*** SOURCE MATERIAL ***

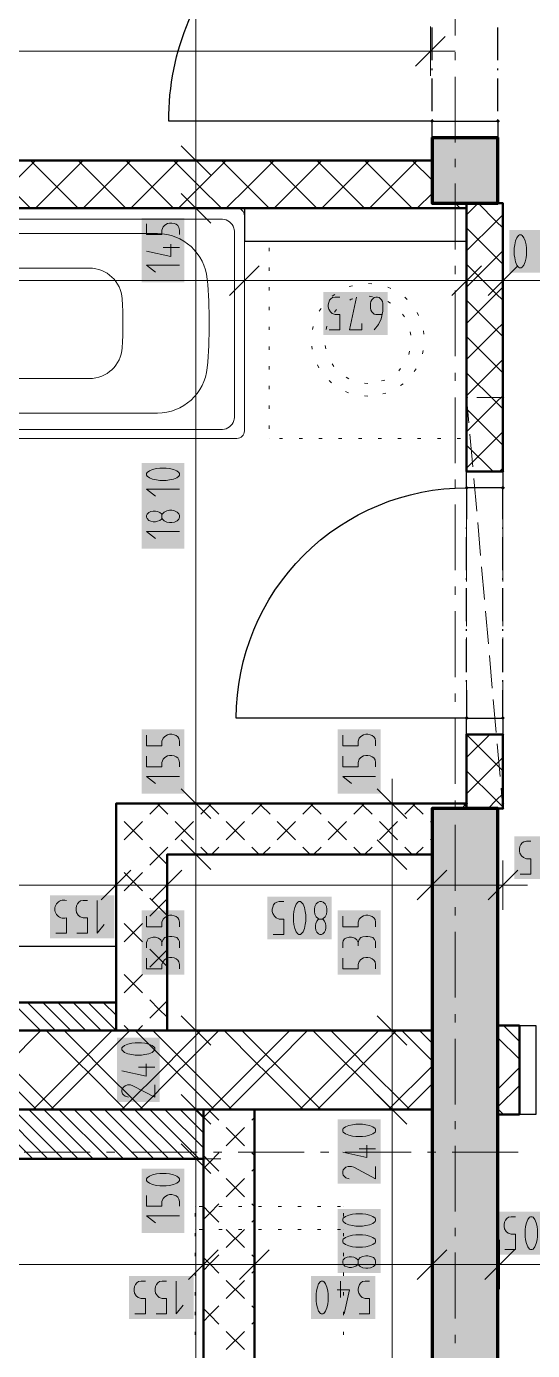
# Model space of a CAD drawing. Header units: millimetres. Extents: x 0 to 594, y 0 to 420.
# Drawn here: x 113.35 to 129.11, y 228.9 to 270.16 of the extents above; entities that cross this region are included whole.
import ezdxf

# ---------------------------------------------------------------- set-up
doc = ezdxf.new("R2010")
doc.units = ezdxf.units.MM
doc.header["$LTSCALE"] = 8
for name, color, linetype in [('PDF_Dvere', 7, 'Continuous'), ('PDF_Instalacni prizdivka do 1m', 7, 'Continuous'), ('PDF_Koty delkove', 7, 'Continuous'), ('PDF_Nabytek', 7, 'Continuous'), ('PDF_Osy hlavni', 7, 'Continuous'), ('PDF_Preklady', 7, 'Continuous'), ('PDF_Pricky CP', 7, 'Continuous'), ('PDF_Pricky sadrokarton', 7, 'Continuous'), ('PDF_Pricky zdene', 7, 'Continuous'), ('PDF_Sanita', 7, 'Continuous'), ('PDF_Steny akusticke', 7, 'Continuous'), ('PDF_Steny obvodove nosne', 7, 'Continuous')]:
    doc.layers.add(name, color=color, linetype=linetype)

msp = doc.modelspace()

# ---------------------------------------------------------------- linework, layer by layer
at = {"layer": 'PDF_Dvere', "lineweight": 25}
for points in [[(125.979, 267.266), (125.979, 267.217), (117.779, 267.217, -0.414214), (125.979, 275.417)], [(127.056, 249.482), (127.056, 248.613), (119.881, 248.613, -0.414215), (127.056, 255.788), (127.056, 254.812)]]:
    msp.add_lwpolyline(points, format="xyb", dxfattribs=at)
for points in [[(125.979, 269.111), (125.979, 270.136)], [(128.029, 269.111), (128.029, 270.136)], [(125.979, 268.803), (125.979, 268.855)], [(128.029, 268.803), (128.029, 268.855)], [(125.979, 267.522), (125.979, 268.547)], [(128.029, 267.522), (128.029, 268.547)], [(128.029, 267.217), (128.029, 267.266)], [(128.183, 254.812), (128.183, 255.788)], [(127.056, 254.505), (127.056, 254.556)], [(127.056, 253.223), (127.056, 254.248)], [(128.183, 254.505), (128.183, 254.556)], [(128.183, 253.223), (128.183, 254.248)], [(127.056, 252.916), (127.056, 252.967)], [(128.183, 252.916), (128.183, 252.967)], [(127.056, 251.635), (127.056, 252.66)], [(128.183, 251.635), (128.183, 252.66)], [(127.056, 251.327), (127.056, 251.378)], [(128.183, 251.327), (128.183, 251.378)], [(127.056, 250.046), (127.056, 251.071)], [(128.183, 250.046), (128.183, 251.071)], [(127.056, 249.738), (127.056, 249.79)], [(128.183, 249.738), (128.183, 249.79)], [(128.183, 248.613), (128.183, 249.482)]]:
    msp.add_lwpolyline(points, dxfattribs=at)
for points in [[(128.029, 267.217), (128.029, 266.704), (125.979, 266.704), (125.979, 267.217)], [(128.183, 256.301), (128.183, 255.788), (127.056, 255.788), (127.056, 256.301)], [(128.183, 248.613), (128.183, 248.101), (127.056, 248.101), (127.056, 248.613)], [(129.208, 236.262), (128.696, 236.262), (128.696, 239.03), (129.208, 239.03)]]:
    msp.add_lwpolyline(points, close=True, dxfattribs=at)
at = {"layer": 'PDF_Dvere', "lineweight": 25, "transparency": 33554559}
for points in [[(125.979, 267.153), (125.915, 267.217), (126.043, 267.217), (125.979, 267.281)], [(128.029, 267.153), (127.965, 267.217), (128.093, 267.217), (128.029, 267.281)], [(127.056, 255.724), (126.992, 255.788), (127.12, 255.788), (127.056, 255.852)], [(128.183, 255.724), (128.119, 255.788), (128.247, 255.788), (128.183, 255.852)], [(127.056, 248.549), (126.992, 248.613), (127.12, 248.613), (127.056, 248.677)], [(128.183, 248.549), (128.119, 248.613), (128.247, 248.613), (128.183, 248.677)]]:
    msp.add_solid(points, dxfattribs=at)
at = {"layer": 'PDF_Instalacni prizdivka do 1m', "lineweight": 25}
msp.add_lwpolyline([(127.056, 264.501), (120.137, 264.501), (120.137, 263.476), (127.056, 263.476)], close=True, dxfattribs=at)
msp.add_lwpolyline([(101.175, 241.49), (101.175, 239.747), (116.14, 239.747), (116.14, 241.49), (102.712, 241.49)], dxfattribs=at)
at = {"layer": 'PDF_Koty delkove', "lineweight": 18}
for points in [[(118.628, 264.501), (118.628, 265.987), (118.628, 298.274), (118.628, 322.628), (118.628, 323.396)], [(126.389, 269.856), (125.467, 268.933)], [(125.928, 270.163), (125.928, 269.394), (125.928, 268.626)], [(125.928, 269.394), (113.213, 269.394), (109.272, 269.394), (84.621, 269.394)], [(125.928, 269.394), (126.697, 269.394)], [(119.089, 265.526), (118.167, 266.448)], [(119.397, 265.987), (118.628, 265.987), (117.859, 265.987)], [(119.089, 264.039), (118.167, 264.962)], [(119.397, 264.501), (118.628, 264.501), (117.859, 264.501)], [(118.628, 195.621), (118.628, 210.535), (118.628, 211.662), (118.628, 234.878), (118.628, 236.416), (118.628, 238.876), (118.628, 244.36), (118.628, 245.948), (118.628, 264.501)], [(117.091, 264.013), (117.091, 263.684), (117.568, 263.684), (117.568, 263.821), (117.603, 263.917), (117.654, 263.972), (117.739, 264.026), (117.807, 264.04), (117.876, 264.04), (117.944, 264.026), (118.012, 263.999), (118.063, 263.958), (118.098, 263.903), (118.116, 263.821), (118.116, 263.684)], [(118.116, 263.273), (117.603, 263.273)], [(117.842, 263.383), (117.842, 262.999)], [(117.842, 262.999), (117.091, 263.164)], [(120.137, 263.015), (120.137, 262.247), (120.137, 261.478)], [(127.056, 263.015), (127.056, 262.247), (127.056, 261.478)], [(128.183, 263.015), (128.183, 262.247), (128.183, 261.478)], [(118.116, 262.726), (117.091, 262.726), (117.363, 262.507)], [(120.598, 262.708), (119.676, 261.785)], [(127.517, 262.708), (126.594, 261.785)], [(128.644, 262.708), (127.722, 261.785)], [(156.063, 262.247), (151.6, 262.247), (150.924, 262.247), (147.126, 262.247), (144.173, 262.247), (143.046, 262.247), (128.183, 262.247), (127.056, 262.247), (120.137, 262.247), (102.712, 262.247), (101.175, 262.247), (100.15, 262.247)], [(122.774, 260.709), (123.103, 260.709), (123.103, 261.187), (122.966, 261.187), (122.871, 261.222), (122.816, 261.273), (122.761, 261.358), (122.747, 261.426), (122.747, 261.494), (122.761, 261.563), (122.788, 261.631), (122.83, 261.682), (122.884, 261.717), (122.966, 261.734), (123.103, 261.734)], [(123.788, 260.913), (123.788, 260.709), (123.404, 260.709), (123.623, 261.734)], [(124.417, 261.187), (124.226, 261.187), (124.171, 261.204), (124.13, 261.238), (124.103, 261.273), (124.075, 261.323), (124.061, 261.392), (124.061, 261.528), (124.075, 261.597), (124.103, 261.648), (124.13, 261.682), (124.171, 261.717), (124.226, 261.734), (124.28, 261.734), (124.335, 261.717), (124.376, 261.682), (124.403, 261.648), (124.431, 261.597), (124.445, 261.528), (124.445, 261.289), (124.39, 261.051), (124.308, 260.879), (124.171, 260.709)], [(118.116, 255.745), (117.091, 255.745), (117.363, 255.527)], [(117.568, 254.842), (117.551, 254.814), (117.5, 254.773), (117.432, 254.746), (117.363, 254.732), (117.295, 254.732), (117.227, 254.746), (117.158, 254.773), (117.107, 254.828), (117.091, 254.869), (117.091, 254.924), (117.107, 254.965), (117.158, 255.02), (117.227, 255.047), (117.295, 255.061), (117.363, 255.061), (117.432, 255.047), (117.5, 255.02), (117.551, 254.979), (117.568, 254.952)], [(117.876, 255.088), (117.807, 255.088), (117.722, 255.074), (117.637, 255.034), (117.586, 254.979), (117.568, 254.952), (117.568, 254.842), (117.586, 254.814), (117.637, 254.759), (117.722, 254.718), (117.807, 254.704), (117.876, 254.704), (117.961, 254.718), (118.047, 254.759), (118.098, 254.814), (118.116, 254.869), (118.116, 254.924), (118.098, 254.979), (118.047, 255.034), (117.961, 255.074)], [(117.961, 255.074), (117.876, 255.088)], [(118.116, 254.431), (117.091, 254.431), (117.363, 254.212)], [(117.091, 248.08), (117.091, 247.752), (117.568, 247.752), (117.568, 247.889), (117.603, 247.984), (117.654, 248.039), (117.739, 248.093), (117.807, 248.107), (117.876, 248.107), (117.944, 248.093), (118.012, 248.066), (118.063, 248.025), (118.098, 247.971), (118.116, 247.889), (118.116, 247.752)], [(123.197, 248.08), (123.197, 247.752), (123.674, 247.752), (123.674, 247.889), (123.709, 247.984), (123.76, 248.039), (123.846, 248.093), (123.913, 248.107), (123.982, 248.107), (124.051, 248.093)], [(124.051, 248.093), (124.118, 248.066), (124.169, 248.025), (124.204, 247.971), (124.222, 247.889), (124.222, 247.752)], [(117.091, 247.423), (117.091, 247.095), (117.568, 247.095), (117.568, 247.232), (117.603, 247.327), (117.654, 247.382), (117.739, 247.436), (117.807, 247.45), (117.876, 247.45), (117.944, 247.436), (118.012, 247.409), (118.063, 247.368), (118.098, 247.314), (118.116, 247.232), (118.116, 247.095)], [(123.197, 247.423), (123.197, 247.095), (123.674, 247.095), (123.674, 247.232), (123.709, 247.327), (123.76, 247.382), (123.846, 247.436), (123.913, 247.45), (123.982, 247.45), (124.051, 247.436), (124.118, 247.409), (124.169, 247.368), (124.204, 247.314), (124.222, 247.232), (124.222, 247.095)], [(118.116, 246.793), (117.091, 246.793)], [(117.091, 246.793), (117.363, 246.575)], [(124.222, 246.793), (123.197, 246.793), (123.469, 246.575)], [(119.089, 245.487), (118.167, 246.41)], [(125.195, 245.487), (124.273, 246.41)], [(124.734, 245.948), (124.734, 246.717)], [(119.397, 245.948), (118.628, 245.948), (117.859, 245.948)], [(125.503, 245.948), (124.734, 245.948), (123.965, 245.948)], [(124.734, 226.627), (124.734, 228.216), (124.734, 236.416), (124.734, 238.876), (124.734, 244.36), (124.734, 245.948)], [(119.089, 243.898), (118.167, 244.821)], [(125.195, 243.898), (124.273, 244.821)], [(128.712, 244.605), (128.739, 244.673), (128.78, 244.724), (128.834, 244.759), (128.916, 244.776), (129.054, 244.776)], [(119.397, 244.36), (118.628, 244.36), (117.859, 244.36)], [(125.503, 244.36), (124.734, 244.36), (123.965, 244.36)], [(128.725, 243.751), (129.054, 243.751), (129.054, 244.229), (128.916, 244.229), (128.821, 244.264), (128.766, 244.315), (128.712, 244.4), (128.698, 244.468), (128.698, 244.536), (128.712, 244.605)], [(116.601, 243.869), (115.678, 242.946)], [(116.14, 244.176), (116.14, 243.408), (116.14, 242.639)], [(118.189, 243.869), (117.267, 242.946)], [(117.728, 244.176), (117.728, 243.408), (117.728, 242.639)], [(126.441, 243.869), (125.518, 242.946)], [(125.979, 244.176), (125.979, 243.408), (125.979, 242.639)], [(128.644, 243.869), (127.722, 242.946)], [(128.183, 244.176), (128.183, 243.408), (128.183, 242.639)], [(128.183, 243.408), (125.979, 243.408), (125.101, 243.408), (119.779, 243.408), (117.728, 243.408), (116.14, 243.408), (115.431, 243.408), (114.576, 243.408), (111.642, 243.408), (105.758, 243.408)], [(128.183, 243.408), (128.952, 243.408)], [(114.922, 241.907), (115.251, 241.907), (115.251, 242.384), (115.113, 242.384), (115.018, 242.419), (114.963, 242.47), (114.909, 242.555), (114.895, 242.623), (114.895, 242.692), (114.909, 242.76), (114.936, 242.828), (114.977, 242.879), (115.031, 242.914), (115.113, 242.932), (115.251, 242.932)], [(115.552, 242.932), (115.552, 241.907), (115.77, 242.179)], [(121.032, 241.87), (121.361, 241.87), (121.361, 242.348), (121.223, 242.348), (121.128, 242.383), (121.073, 242.434), (121.019, 242.519), (121.005, 242.587), (121.005, 242.655), (121.019, 242.724), (121.046, 242.792), (121.087, 242.843), (121.141, 242.878), (121.223, 242.895), (121.361, 242.895)], [(121.826, 241.87), (121.88, 241.87), (121.908, 241.887), (121.963, 241.955), (122.004, 242.058), (122.032, 242.178), (122.045, 242.279), (122.045, 242.484), (122.032, 242.587), (122.004, 242.707), (121.963, 242.809), (121.908, 242.878), (121.88, 242.895), (121.826, 242.895), (121.798, 242.878), (121.744, 242.809), (121.703, 242.707), (121.676, 242.587), (121.662, 242.484)], [(117.091, 242.44), (117.091, 242.111), (117.568, 242.111), (117.568, 242.248), (117.603, 242.344), (117.654, 242.399), (117.739, 242.453), (117.807, 242.467), (117.876, 242.467), (117.944, 242.453), (118.012, 242.426), (118.063, 242.385), (118.098, 242.33), (118.116, 242.248), (118.116, 242.111)], [(121.662, 242.484), (121.662, 242.279), (121.676, 242.178), (121.703, 242.058), (121.744, 241.955), (121.798, 241.887), (121.826, 241.87)], [(122.565, 242.348), (122.592, 242.33), (122.634, 242.279), (122.661, 242.212), (122.675, 242.143), (122.675, 242.074), (122.661, 242.007), (122.634, 241.938), (122.579, 241.887), (122.537, 241.87), (122.483, 241.87), (122.442, 241.887), (122.387, 241.938), (122.36, 242.007), (122.346, 242.074), (122.346, 242.143), (122.36, 242.212), (122.387, 242.279), (122.428, 242.33), (122.455, 242.348)], [(123.197, 242.44), (123.197, 242.111), (123.674, 242.111), (123.674, 242.248), (123.709, 242.344), (123.76, 242.399), (123.846, 242.453), (123.913, 242.467), (123.982, 242.467), (124.051, 242.453), (124.118, 242.426), (124.169, 242.385), (124.204, 242.33), (124.222, 242.248), (124.222, 242.111)], [(118.116, 241.454), (118.116, 241.645), (118.081, 241.714), (118.029, 241.769), (117.944, 241.796), (117.876, 241.81), (117.807, 241.81), (117.722, 241.796), (117.654, 241.769), (117.603, 241.714), (117.568, 241.618)], [(124.222, 241.454), (124.222, 241.645), (124.187, 241.714), (124.136, 241.769), (124.051, 241.796), (123.982, 241.81), (123.913, 241.81), (123.828, 241.796), (123.76, 241.769), (123.709, 241.714), (123.674, 241.618), (123.674, 241.509)], [(117.091, 241.454), (117.091, 241.618), (117.107, 241.673), (117.142, 241.728), (117.193, 241.755), (117.295, 241.783), (117.363, 241.783), (117.466, 241.755), (117.534, 241.7), (117.568, 241.618), (117.568, 241.509)], [(123.197, 241.454), (123.197, 241.618), (123.213, 241.673), (123.248, 241.728), (123.299, 241.755), (123.401, 241.783), (123.469, 241.783), (123.572, 241.755), (123.641, 241.7), (123.674, 241.618)], [(117.091, 241.126), (117.091, 240.797), (117.568, 240.797), (117.568, 240.934), (117.603, 241.029), (117.654, 241.084), (117.739, 241.139), (117.807, 241.153), (117.876, 241.153), (117.944, 241.139), (118.012, 241.112), (118.063, 241.071), (118.098, 241.016), (118.116, 240.934), (118.116, 240.797)], [(123.197, 241.126), (123.197, 240.797), (123.674, 240.797), (123.674, 240.934), (123.709, 241.029), (123.76, 241.084), (123.846, 241.139), (123.913, 241.153), (123.982, 241.153), (124.051, 241.139), (124.118, 241.112), (124.169, 241.071), (124.204, 241.016), (124.222, 240.934), (124.222, 240.797)], [(119.089, 238.415), (118.167, 239.337)], [(125.195, 238.415), (124.273, 239.337)], [(119.397, 238.876), (118.628, 238.876), (117.859, 238.876)], [(125.503, 238.876), (124.734, 238.876), (123.965, 238.876)], [(116.936, 238.495), (116.731, 238.495), (116.629, 238.481), (116.509, 238.454), (116.407, 238.413), (116.338, 238.359), (116.322, 238.331), (116.322, 238.276), (116.338, 238.249), (116.407, 238.194), (116.509, 238.153), (116.629, 238.125), (116.731, 238.111), (116.936, 238.111), (117.038, 238.125), (117.158, 238.153), (117.261, 238.194), (117.329, 238.249), (117.347, 238.276), (117.347, 238.331), (117.329, 238.359), (117.261, 238.413), (117.158, 238.454), (117.038, 238.481)], [(117.038, 238.481), (116.936, 238.495)], [(117.073, 237.838), (117.073, 237.454), (116.322, 237.619)], [(117.347, 237.729), (116.834, 237.729)], [(117.347, 237.181), (117.347, 236.797), (116.663, 237.154), (116.594, 237.181), (116.492, 237.181), (116.424, 237.154), (116.373, 237.113), (116.338, 237.072), (116.322, 237.017), (116.322, 236.962), (116.338, 236.907), (116.373, 236.866), (116.424, 236.825), (116.526, 236.797)], [(119.089, 235.955), (118.167, 236.877)], [(125.195, 235.955), (124.273, 236.877)], [(119.397, 236.416), (118.628, 236.416), (117.859, 236.416)], [(125.503, 236.416), (124.734, 236.416), (123.965, 236.416)], [(119.089, 234.417), (118.167, 235.34)], [(123.948, 235.298), (123.948, 234.914), (123.197, 235.079)], [(119.397, 234.878), (118.628, 234.878), (117.859, 234.878)], [(124.222, 235.189), (123.709, 235.189)], [(117.704, 234.418), (117.5, 234.418), (117.398, 234.404), (117.278, 234.376), (117.176, 234.335), (117.107, 234.281), (117.091, 234.253), (117.091, 234.199), (117.107, 234.171), (117.176, 234.117), (117.278, 234.076), (117.398, 234.048), (117.5, 234.034), (117.704, 234.034)], [(117.704, 234.034), (117.807, 234.048), (117.927, 234.076), (118.029, 234.117), (118.098, 234.171), (118.116, 234.199), (118.116, 234.253), (118.098, 234.281), (118.029, 234.335), (117.927, 234.376), (117.807, 234.404), (117.704, 234.418)], [(124.222, 234.641), (124.222, 234.257), (123.538, 234.614), (123.469, 234.641), (123.367, 234.641), (123.299, 234.614), (123.248, 234.573), (123.213, 234.532), (123.197, 234.477), (123.197, 234.422), (123.213, 234.367), (123.248, 234.326), (123.299, 234.285), (123.401, 234.257)], [(117.091, 233.733), (117.091, 233.405), (117.568, 233.405), (117.568, 233.542), (117.603, 233.637), (117.654, 233.692), (117.739, 233.747), (117.807, 233.76), (117.876, 233.76), (117.944, 233.747), (118.012, 233.719), (118.063, 233.678), (118.098, 233.624), (118.116, 233.542), (118.116, 233.405)], [(118.116, 233.103), (117.091, 233.103), (117.363, 232.885)], [(128.248, 232.048), (128.577, 232.048), (128.577, 232.526), (128.439, 232.526), (128.344, 232.561), (128.289, 232.612), (128.235, 232.697), (128.221, 232.765), (128.221, 232.833), (128.235, 232.902), (128.262, 232.97), (128.303, 233.021), (128.357, 233.056), (128.439, 233.073), (128.577, 233.073)], [(129.124, 232.065), (129.179, 232.133), (129.22, 232.236), (129.248, 232.356), (129.262, 232.457), (129.262, 232.662), (129.248, 232.765), (129.22, 232.885), (129.179, 232.987), (129.124, 233.056), (129.097, 233.073), (129.042, 233.073), (129.014, 233.056), (128.96, 232.987), (128.919, 232.885), (128.892, 232.765), (128.878, 232.662)], [(118.861, 232.35), (118.861, 231.581), (118.861, 230.813)], [(120.45, 232.35), (120.45, 231.581), (120.45, 230.813)], [(123.811, 232.508), (123.606, 232.508), (123.504, 232.494), (123.384, 232.467), (123.282, 232.426), (123.213, 232.372), (123.197, 232.344), (123.197, 232.289), (123.213, 232.262), (123.282, 232.207), (123.384, 232.166), (123.504, 232.138)], [(123.504, 232.138), (123.606, 232.124), (123.811, 232.124), (123.913, 232.138), (124.033, 232.166), (124.136, 232.207), (124.204, 232.262), (124.222, 232.289), (124.222, 232.344), (124.204, 232.372), (124.136, 232.426), (124.033, 232.467), (123.913, 232.494), (123.811, 232.508)], [(125.979, 232.35), (125.979, 231.581), (125.979, 230.813)], [(128.081, 232.35), (128.081, 231.581), (128.081, 230.813)], [(128.081, 232.35), (128.081, 231.581), (128.081, 230.813)], [(128.878, 232.662), (128.878, 232.457), (128.892, 232.356), (128.919, 232.236), (128.96, 232.133), (129.014, 232.065), (129.042, 232.048), (129.097, 232.048), (129.124, 232.065)], [(119.322, 232.043), (118.4, 231.12)], [(120.911, 232.043), (119.988, 231.12)], [(126.441, 232.043), (125.518, 231.12)], [(128.542, 232.043), (127.619, 231.12)], [(128.542, 232.043), (127.619, 231.12)], [(128.081, 231.581), (125.979, 231.581), (125.923, 231.581), (121.563, 231.581), (120.45, 231.581), (118.861, 231.581), (116.117, 231.581), (113.911, 231.581), (110.165, 231.581), (105.146, 231.581), (101.436, 231.581), (99.893, 231.581), (98.868, 231.581), (97.536, 231.581), (95.715, 231.581), (69.759, 231.581)], [(123.674, 231.604), (123.657, 231.577), (123.606, 231.536), (123.538, 231.509), (123.469, 231.495), (123.401, 231.495), (123.333, 231.509), (123.264, 231.536), (123.213, 231.591), (123.197, 231.632), (123.197, 231.687), (123.213, 231.728), (123.264, 231.783), (123.333, 231.81), (123.401, 231.824), (123.469, 231.824), (123.538, 231.81), (123.606, 231.783), (123.657, 231.742), (123.674, 231.715)], [(128.081, 231.581), (127.312, 231.581)], [(128.081, 231.581), (128.849, 231.581)], [(268.043, 231.581), (211.361, 231.581), (203.469, 231.581), (195.986, 231.581), (157.447, 231.581), (155.96, 231.581), (143.046, 231.581), (133.821, 231.581), (128.081, 231.581)], [(116.729, 230.044), (117.058, 230.044), (117.058, 230.522), (116.92, 230.522), (116.825, 230.556), (116.77, 230.608), (116.716, 230.693), (116.702, 230.76), (116.702, 230.829), (116.716, 230.898), (116.743, 230.965), (116.784, 231.017), (116.838, 231.051), (116.92, 231.069)], [(116.92, 231.069), (117.058, 231.069)], [(117.386, 230.044), (117.715, 230.044), (117.715, 230.522), (117.577, 230.522), (117.482, 230.556), (117.427, 230.608), (117.373, 230.693), (117.359, 230.76), (117.359, 230.829), (117.373, 230.898), (117.4, 230.965), (117.441, 231.017), (117.495, 231.051), (117.577, 231.069), (117.715, 231.069)], [(118.016, 231.069), (118.016, 230.044), (118.234, 230.317)], [(122.407, 230.231), (122.448, 230.129), (122.502, 230.06), (122.53, 230.044), (122.584, 230.044), (122.612, 230.06), (122.666, 230.129), (122.707, 230.231), (122.735, 230.351), (122.749, 230.453), (122.749, 230.658), (122.735, 230.76), (122.707, 230.88), (122.666, 230.983), (122.612, 231.051), (122.584, 231.069), (122.53, 231.069), (122.502, 231.051), (122.448, 230.983), (122.407, 230.88), (122.38, 230.76), (122.366, 230.658)], [(123.132, 231.069), (123.132, 230.556)], [(123.707, 230.044), (124.035, 230.044), (124.035, 230.522), (123.898, 230.522), (123.803, 230.556), (123.748, 230.608), (123.694, 230.693), (123.68, 230.76), (123.68, 230.829), (123.694, 230.898), (123.721, 230.965), (123.762, 231.017), (123.816, 231.051), (123.898, 231.069), (124.035, 231.069)], [(122.366, 230.658), (122.366, 230.453), (122.38, 230.351), (122.407, 230.231)], [(123.023, 230.795), (123.406, 230.795), (123.241, 230.044)]]:
    msp.add_lwpolyline(points, dxfattribs=at)
for points in [[(128.537, 263.258), (128.537, 263.053), (128.551, 262.952), (128.578, 262.832), (128.619, 262.729), (128.673, 262.66), (128.701, 262.644), (128.755, 262.644), (128.783, 262.66), (128.837, 262.729), (128.878, 262.832), (128.906, 262.952), (128.92, 263.053), (128.92, 263.258), (128.906, 263.36), (128.878, 263.48), (128.837, 263.583), (128.783, 263.652), (128.755, 263.669), (128.701, 263.669), (128.673, 263.652), (128.619, 263.583), (128.578, 263.48), (128.551, 263.36)], [(117.704, 256.402), (117.5, 256.402), (117.398, 256.388), (117.278, 256.361), (117.176, 256.32), (117.107, 256.266), (117.091, 256.238), (117.091, 256.184), (117.107, 256.156), (117.176, 256.101), (117.278, 256.06), (117.398, 256.032), (117.5, 256.018), (117.704, 256.018), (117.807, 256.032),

*** End of SOURCE MATERIAL ***

# WHAT TO PRODUCE:
If a line in the material above holds "dxfattribs", copy it.

# ANSWER:
    msp.add_lwpolyline(points, format="xyb", dxfattribs=at)
    msp.add_lwpolyline(points, dxfattribs=at)
    msp.add_lwpolyline(points, close=True, dxfattribs=at)
    msp.add_solid(points, dxfattribs=at)
msp.add_lwpolyline([(127.056, 264.501), (120.137, 264.501), (120.137, 263.476), (127.056, 263.476)], close=True, dxfattribs=at)
msp.add_lwpolyline([(101.175, 241.49), (101.175, 239.747), (116.14, 239.747), (116.14, 241.49), (102.712, 241.49)], dxfattribs=at)
    msp.add_lwpolyline(points, dxfattribs=at)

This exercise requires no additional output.